The real difference between the two eras of evangelical history has little to do with differing ideas of power—one self-denying and loving, the other coercive and worldly—but rather with differing levels of success in translating political activism into genuine cultural change, and radically dissimilar contexts for attempting such feats. Undoubtedly evangelicals lost much of their cultural influence and credibility through the 20th century, but there were plenty of factors along the way to account for this decline, including but not limited to exponential population growth, mounting ethnic and religious pluralism, the rise of corporate capitalism, rapid industrialization and urbanization, accelerating rates of social and geographic mobility, and, yes, the increasing reach of the modern liberal state. Reducing the issue to an altered vision for power doesn't take seriously the radical structural changes brought about by modernization.
Second, although Collins encourages evangelicals to move "beyond ideology" as a solution to our current impasse, the cumulative effect of his own persistent grievances against the modern secular state amounts, in the end, to a book-length argument on behalf of an almost reflexive libertarianism. In other words, the central concern that seems to animate Collins's book isn't the divided soul of evangelicalism as much as the moral (il)legitimacy of the modern liberal state.
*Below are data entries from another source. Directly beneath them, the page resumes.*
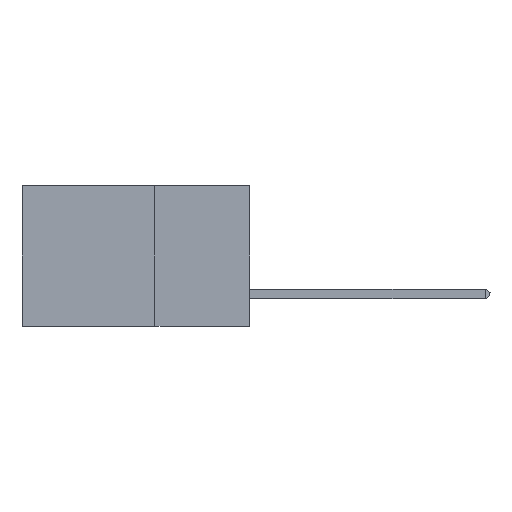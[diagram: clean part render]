
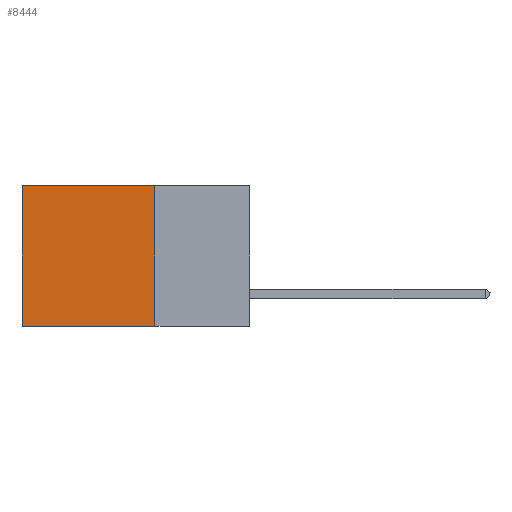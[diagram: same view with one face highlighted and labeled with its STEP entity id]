
A CAD part, left-side view. The second image highlights one B-rep face of the part: STEP entity #8444.
In plain terms, the highlighted planar face has unit normal (-1, 0, 0).
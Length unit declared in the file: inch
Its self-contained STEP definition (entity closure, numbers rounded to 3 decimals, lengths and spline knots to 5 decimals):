
#231 = DIRECTION ( 'NONE',  ( 0., 0., -1. ) ) ;
#759 = VERTEX_POINT ( 'NONE', #11485 ) ;
#1364 = VECTOR ( 'NONE', #11511, 39.37008 ) ;
#1385 = DIRECTION ( 'NONE',  ( 1., 0., 0. ) ) ;
#3491 = DIRECTION ( 'NONE',  ( 0., 0., -1. ) ) ;
#3492 = VECTOR ( 'NONE', #17648, 39.37008 ) ;
#3876 = CARTESIAN_POINT ( 'NONE',  ( 0.2875, 0.6, 0. ) ) ;
#4460 = VERTEX_POINT ( 'NONE', #14227 ) ;
#4843 = CARTESIAN_POINT ( 'NONE',  ( 0.2875, 0.25, 0. ) ) ;
#6272 = AXIS2_PLACEMENT_3D ( 'NONE', #23447, #1385, #3491 ) ;
#6915 = VECTOR ( 'NONE', #11360, 39.37008 ) ;
#8262 = EDGE_CURVE ( 'NONE', #759, #14386, #11480, .T. ) ;
#8444 = ADVANCED_FACE ( 'NONE', ( #14676 ), #8668, .F. ) ;
#8555 = EDGE_CURVE ( 'NONE', #16594, #4460, #12046, .T. ) ;
#8668 = PLANE ( 'NONE',  #6272 ) ;
#10923 = VECTOR ( 'NONE', #231, 39.37008 ) ;
#11360 = DIRECTION ( 'NONE',  ( 0., 1., 0. ) ) ;
#11480 = LINE ( 'NONE', #3876, #10923 ) ;
#11485 = CARTESIAN_POINT ( 'NONE',  ( 0.2875, 0.6, 0. ) ) ;
#11511 = DIRECTION ( 'NONE',  ( 0., 1., 0. ) ) ;
#12046 = LINE ( 'NONE', #4843, #3492 ) ;
#13175 = ORIENTED_EDGE ( 'NONE', *, *, #8555, .F. ) ;
#13767 = CARTESIAN_POINT ( 'NONE',  ( 0.2875, 0.25, 0. ) ) ;
#14227 = CARTESIAN_POINT ( 'NONE',  ( 0.2875, 0.25, -0.37 ) ) ;
#14386 = VERTEX_POINT ( 'NONE', #17798 ) ;
#14535 = EDGE_CURVE ( 'NONE', #4460, #14386, #21043, .T. ) ;
#14676 = FACE_OUTER_BOUND ( 'NONE', #19080, .T. ) ;
#15777 = LINE ( 'NONE', #16745, #6915 ) ;
#16486 = ORIENTED_EDGE ( 'NONE', *, *, #16710, .T. ) ;
#16594 = VERTEX_POINT ( 'NONE', #13767 ) ;
#16710 = EDGE_CURVE ( 'NONE', #16594, #759, #15777, .T. ) ;
#16745 = CARTESIAN_POINT ( 'NONE',  ( 0.2875, 0.25, 0. ) ) ;
#17259 = ORIENTED_EDGE ( 'NONE', *, *, #8262, .T. ) ;
#17648 = DIRECTION ( 'NONE',  ( 0., 0., -1. ) ) ;
#17798 = CARTESIAN_POINT ( 'NONE',  ( 0.2875, 0.6, -0.37 ) ) ;
#18817 = CARTESIAN_POINT ( 'NONE',  ( 0.2875, 0.25, -0.37 ) ) ;
#19080 = EDGE_LOOP ( 'NONE', ( #17259, #22738, #13175, #16486 ) ) ;
#21043 = LINE ( 'NONE', #18817, #1364 ) ;
#22738 = ORIENTED_EDGE ( 'NONE', *, *, #14535, .F. ) ;
#23447 = CARTESIAN_POINT ( 'NONE',  ( 0.2875, 0.25, 0. ) ) ;

I waited in vain for Collins to advance (or at least acknowledge) some semblance of a Christian case for the state as a God-ordained institution, established to do his bidding, even when its goals and methods are unholy and its thirst for expansive power unquenchable. (Consider the regime the apostle Paul was living under when he penned the 13th chapter of his letter to the Romans.) Treating the robust exercise of state power as little but oppressive, or denying that participation in "power politics" can result in anything but corruption, seems to undervalue or simply ignore the extent to which all such activity is done under a sovereign God as an extension of his good government.
I sincerely appreciate Collins's admonitions against evangelicals shilling for or baptizing secular political ideologies, as well as his warnings against confusing political movements with God's kingdom. I do not, however, believe that his persistent libertarian contempt toward government power provides a very helpful path forward. I think he meant to gesture toward a public code for evangelicals leavened by a Wesleyan ethic of love and self-denial, which is attractive in many ways. But his analysis reads more often like a treatise on behalf of what David Brody has called "Teavangelicalism"—an alliance between evangelicals and Tea Party conservatives. If we hope to support a robust Christian vision for public life, we must be properly wary of government propensities toward tyranny. But we must also ingest a healthy dose of realism that understands coercive power not as a unique invention of modernity, but as an intrinsic and complex feature of the human condition.
Jay Green is professor history at Covenant College in Lookout Mountain, Georgia.